Le plus souvent, quand on parle des choses qui nous font mal, on essaie de trouver des gens qui vont nous faire du bien. Ou qui en tout cas vont essayer de faire en sorte qu’on ait moins mal, après, qu’avant qu’on les ait rencontrés. Et je me souviens... j’ai eu beaucoup de chance, j’ai rencontré quelqu’un qui faisait du bien. Qui faisait du bien en parlant. Et c’était une dame, qui s’appelait Françoise Dolto.

Il y a beaucoup de gens qui ont oublié qui était Françoise Dolto. On sait que c’est une dame, qui écrivait des bouquins, qui s’occupait des enfants, etc.

Françoise Dolto était une femme, psychanalyste, médecin, qui a eu une grande influence sur beaucoup de gens dans les années 70, 80, parce qu’elle avait un discours qui sortait de l’ordinaire quand il s’agissait des enfants. C’était quelqu’un qui disait : " Il faut parler aux enfants. Il faut parler aux enfants dès qu’ils naissent. Il faut leur parler comme à des adultes, il ne faut pas leur parler bébé. Il faut leur parler un langage articulé, il faut s’adresser à eux en partant de l’idée qu’ils nous comprennent, et qu’ils vont faire quelque chose de ce qu’on leur dit."

Et je peux dire que tous les enfants que j’ai élevés sont des "enfants-Dolto". C’est-à-dire que j’ai parlé à mes enfants très tôt, très vite, tout de suite, en langage articulé, en verbalisant pour eux les choses que j’avais l’impression qu’ils voulaient dire, et en verbalisant aussi pour eux des choses que je ressentais, pour leur expliquer ce que je ressentais, au moment où je le ressentais. Pour qu’ils ne fassent pas la confusion entre l’attitude que je pouvais avoir avec eux, et qui était peut-être due à des choses intérieures, et ce que je ressentais pour eux. C’est-à-dire que quand j’étais énervé, je leur disais "ben tu sais, je suis énervé, parce que... - et ils pouvaient avoir six mois, hein -, j’suis énervé, parce que... ben, il m’est arrivé telle chose, j’suis énervé, mais c’est pas ta faute, c’est pas toi qui es responsable de mon énervement, c’est telle chose, ou telle chose."

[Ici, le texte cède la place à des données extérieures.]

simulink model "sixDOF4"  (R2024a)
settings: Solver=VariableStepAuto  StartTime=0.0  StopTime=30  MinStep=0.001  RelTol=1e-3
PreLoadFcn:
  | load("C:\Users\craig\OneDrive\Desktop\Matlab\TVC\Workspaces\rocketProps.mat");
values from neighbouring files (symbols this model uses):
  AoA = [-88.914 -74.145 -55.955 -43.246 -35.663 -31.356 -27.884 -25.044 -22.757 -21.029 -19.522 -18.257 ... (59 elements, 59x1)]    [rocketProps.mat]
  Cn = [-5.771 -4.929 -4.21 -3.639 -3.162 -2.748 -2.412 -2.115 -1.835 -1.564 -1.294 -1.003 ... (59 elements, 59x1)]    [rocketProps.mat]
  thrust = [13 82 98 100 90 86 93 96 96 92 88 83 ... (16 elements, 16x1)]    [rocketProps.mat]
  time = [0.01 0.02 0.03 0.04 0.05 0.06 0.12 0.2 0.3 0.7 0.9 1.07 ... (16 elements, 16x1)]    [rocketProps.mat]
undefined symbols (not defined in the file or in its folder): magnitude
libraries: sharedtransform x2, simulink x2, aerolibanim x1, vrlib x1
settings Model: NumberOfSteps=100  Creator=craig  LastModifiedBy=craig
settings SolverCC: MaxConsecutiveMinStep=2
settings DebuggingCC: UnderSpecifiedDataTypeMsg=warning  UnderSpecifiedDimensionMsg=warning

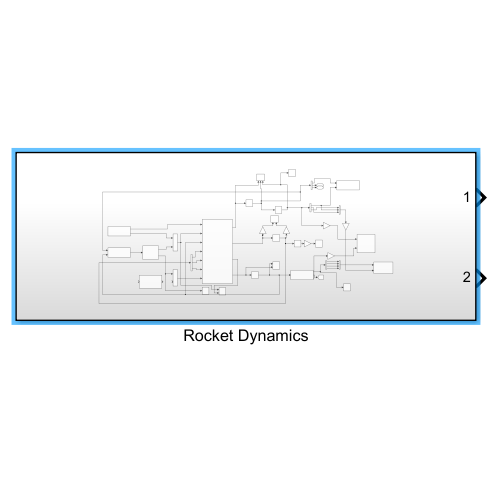
[thumbnail: Simulink's stored preview of the top-level diagram]
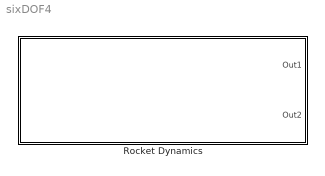
== system sixDOF4 ==
  Rocket Dynamics : Subsystem

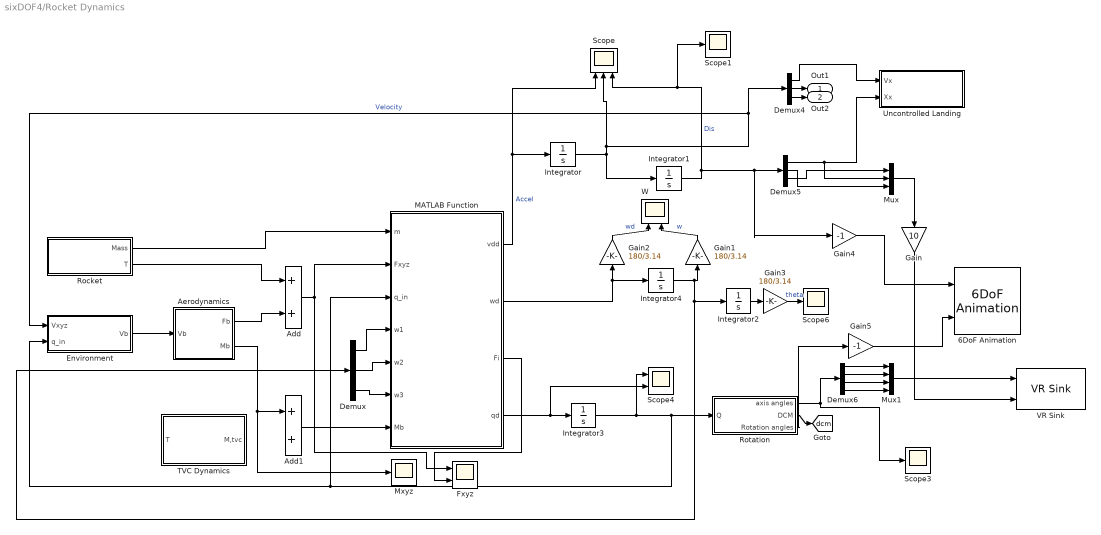
== system sixDOF4/Rocket Dynamics ==
  6DoF Animation : aerolibanim/6DoF Animation  u1=[0 4000 -2000 2000 -5000 -3000]  u2=0.1  u3=100  u4=[4000 0 -5000]  u5=Fixed position  u6=[2000 500 -3150]  u7=10  u8=on
  Add : Sum
  Add1 : Sum
  Aerodynamics : Subsystem
  Demux : Demux  Outputs=3
  Demux4 : Demux  Outputs=3
  Demux5 : Demux  Outputs=3
  Demux6 : Demux
  Environment : Subsystem
  Fxyz : Scope  NumInputPorts=2
  Gain : Gain  Gain=10
  Gain1 : Gain  Gain=180/3.14
  Gain2 : Gain  Gain=180/3.14
  Gain3 : Gain  Gain=180/3.14
  Gain4 : Gain  Gain=-1
  Gain5 : Gain  Gain=-1
  Integrator : Integrator  InitialCondition=[0; 0; 0]
  Integrator1 : Integrator
  Integrator2 : Integrator  InitialCondition=[0; 0; 0]
  Integrator3 : Integrator  InitialCondition=[1; 0; 0; 0]
  Integrator4 : Integrator  InitialCondition=[0; 0; 0]
  MATLAB Function : MATLAB Function  TreatAsAtomicUnit=on
  Mux : Mux  Inputs=3
  Mux1 : Mux
  Mxyz : Scope
  Rocket : Subsystem
  Rotation : Subsystem
  Scope : Scope  NumInputPorts=3
  Scope1 : Scope
  Scope3 : Scope
  Scope4 : Scope  NumInputPorts=2
  Scope6 : Scope
  TVC Dynamics : Subsystem
  Uncontrolled Landing : Subsystem
  VR Sink : vrlib/VR Sink  InstantiateOnLoad=on  SampleTime=0.1  ViewEnable=on  RemoteChange=off  RemoteView=off  FieldsWritten=MyTransform.rotation.4.1.1.double#MyTransform.translation.3.1.1.double  WorldFileName=C:\Users\craig\OneDrive\Desktop\Matlab\TVC\Animations\BestViewpoint.wrl  AutoView=off  VideoDimensions=[]  AllowVariableSize=off
  W : Scope  NumInputPorts=2
  Out1 : Outport
  Out2 : Outport  Port=2
  tag scope: dcm=global
  wires:
  Integrator3/1 -> Scope4/1, Rotation/1(Q), MATLAB Function/3(q_in), Environment/2(q_in)
  Add/1 -> Fxyz/1, MATLAB Function/2(Fxyz)
  Integrator2/1 -> Gain3/1
  Integrator4/1 -> Integrator2/1, Demux/1, Gain1/1
  Integrator/1 -> Integrator1/1, Demux4/1, Environment/1(Vxyz), Scope/2  "Velocity"
  Demux/1 -> MATLAB Function/4(w1)
  Integrator1/1 -> Scope1/1, Scope/3, Gain4/1, Demux5/1  "Dis"
  Demux5/1 -> Uncontrolled Landing/2(Xx), Mux/2
  MATLAB Function/3(Fi) -> Fxyz/2
  Environment/1("Vb ") -> Aerodynamics/1(Vb)
  Gain/1 -> VR Sink/2
  Mux/1 -> Gain/1
  Gain3/1 -> Scope6/1  "theta"
  Demux/3 -> MATLAB Function/6(w3)
  MATLAB Function/1(vdd) -> Integrator/1, Scope/1  "Accel"
  Aerodynamics/2(Mb) -> Add1/1, Mxyz/1
  Demux/2 -> MATLAB Function/5(w2)
  Demux4/3 -> Out2/1
  MATLAB Function/2(wd) -> Integrator4/1, Gain2/1
  MATLAB Function/4(qd) -> Scope4/2, Integrator3/1
  Rotation/1(axis angles) -> Scope3/1, Demux6/1
  Rocket/2(T) -> Add/1
  Gain1/1 -> W/2  "w"
  Rocket/1(Mass) -> MATLAB Function/1(m)
  Aerodynamics/1(Fb) -> Add/2
  Gain2/1 -> W/1  "wd"
  Rotation/2(DCM) -> [dcm]
  Demux4/1 -> Uncontrolled Landing/1(Vx)
  Rotation/3(Rotation angles) -> Gain5/1
  Gain4/1 -> 6DoF Animation/1
  Gain5/1 -> 6DoF Animation/2
  Demux4/2 -> Out1/1
  Add1/1 -> MATLAB Function/7(Mb)
  Mux1/1 -> VR Sink/1
  Demux5/3 -> Mux/1
  Demux5/2 -> Mux/3
  Demux6/2 -> Mux1/2
  Demux6/3 -> Mux1/3
  Demux6/1 -> Mux1/1
  Demux6/4 -> Mux1/4

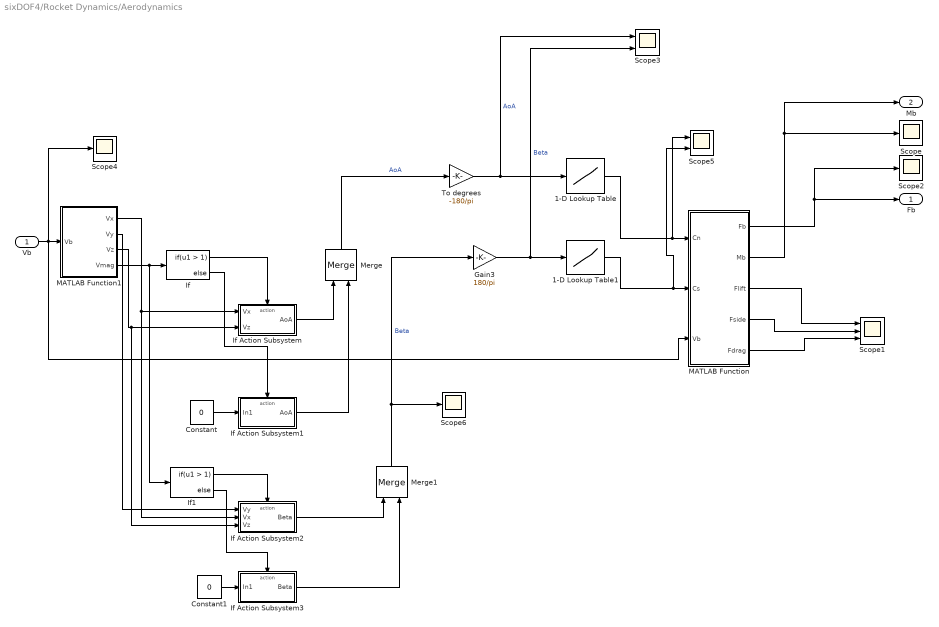
== system sixDOF4/Rocket Dynamics/Aerodynamics ==
  Vb : Inport
  1-D Lookup Table : Lookup_n-D  NumberOfTableDimensions=1  BreakpointsForDimension1=AoA  Table=Cn  InternalRulePriority=Speed  RndMeth=Simplest
  1-D Lookup Table1 : Lookup_n-D  NumberOfTableDimensions=1  BreakpointsForDimension1=AoA  Table=Cn  InternalRulePriority=Speed  RndMeth=Simplest
  Constant : Constant  Value=0
  Constant1 : Constant  Value=0
  Gain3 : Gain  Gain=180/pi
  If : If  IfExpression=u1 > 1
  If Action Subsystem : Subsystem  TreatAsAtomicUnit=on
  If Action Subsystem1 : Subsystem  TreatAsAtomicUnit=on
  If Action Subsystem2 : Subsystem  TreatAsAtomicUnit=on
  If Action Subsystem3 : Subsystem  TreatAsAtomicUnit=on
  If1 : If  IfExpression=u1 > 1
  MATLAB Function : MATLAB Function  TreatAsAtomicUnit=on
  MATLAB Function1 : MATLAB Function  TreatAsAtomicUnit=on
  Merge : Merge
  Merge1 : Merge
  Scope{,2,4,6} (4 alike) : Scope
  Scope1 : Scope  NumInputPorts=3
  Scope3 : Scope  NumInputPorts=2
  Scope5 : Scope  NumInputPorts=2
  To degrees : Gain  Gain=-180/pi
  Fb : Outport
  Mb : Outport  Port=2
  wires:
  MATLAB Function/3(Flift) -> Scope1/1
  MATLAB Function/2(Mb) -> Scope/1, Mb/1
  MATLAB Function/1(Fb) -> Scope2/1, Fb/1
  To degrees/1 -> Scope3/1, 1-D Lookup Table/1  "AoA"
  Gain3/1 -> Scope3/2, 1-D Lookup Table1/1  "Beta"
  MATLAB Function/5(Fdrag) -> Scope1/3
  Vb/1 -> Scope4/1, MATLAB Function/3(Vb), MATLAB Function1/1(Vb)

Mais c’était pas exactement de ça que je voulais parler aujourd’hui, je voulais parler de Françoise Dolto. J’ai eu la chance de voir Françoise Dolto deux fois. Une première fois, j’ai assisté à une de ses conférences. Elle parlait de la maison bleue... la maison verte ? La maison verte. La maison verte, c’était une maison dans laquelle on accueillait les mères et leurs enfants, mais on les accueillait ensemble. C’était pas une crèche où les mères laissaient leurs enfants, c’était une sorte de crèche - mais c’était pas exactement une crèche -, dans laquelle les mères venaient avec leurs enfants pour apprendre à l’enfant qu’il pouvait être au contact d’autres enfants, d’autres mères, et petit à petit, l’enfant, dans la maison verte, se détachait de sa mère en allant jouer avec les autres enfants, en allant ramper par terre, en allant mettre les trucs dans sa bouche quand elle lui tombait sous la main, pendant que les mères, elles, elles discutaient avec les autres mères, avec la psychanalyste qui était là.

Et elle nous parlait de la maison verte, et elle disait qu’un jour où elle était d’astreinte à la maison verte, elle arrive, un matin, et elle trouve toutes les mères, toutes les assistantes, toutes les infirmières, enfin toutes les personnes qui travaillent à la maison verte en plein émoi, très très affolées, en disant : "une petite fille s’est fait violer à l’autre bout de Paris."
Et tout le monde était très très agité. Et madame Dolto dit : "attendez, attendez, qu’est-ce qu’il se passe, là ?"
Et elle coince tout le monde, elle dit : "vous la connaissez, cette petite fille ?" Alors tout le monde répond "ben, non."
 Quelqu’un sait ce qu’il s’est passé, exactement ?
 Euh, ben, non
 Et vous savez exactement ce qu’il lui est arrivé ?
 Euh, ben, non
 Alors qu’est-ce que c’est que cette histoire ?
 Ben, on a entendu à la radio.
 Mais, vous ne la connaissez pas ?
 Non.
 Alors, on s’arrête, on se calme, parce que les enfants qui ont besoin de nous maintenant, ils sont ici. Cette petite fille, elle a des gens pour s’occuper d’elle là-bas, mais maintenant, ceux qui ont besoin de nous, ils sont ici.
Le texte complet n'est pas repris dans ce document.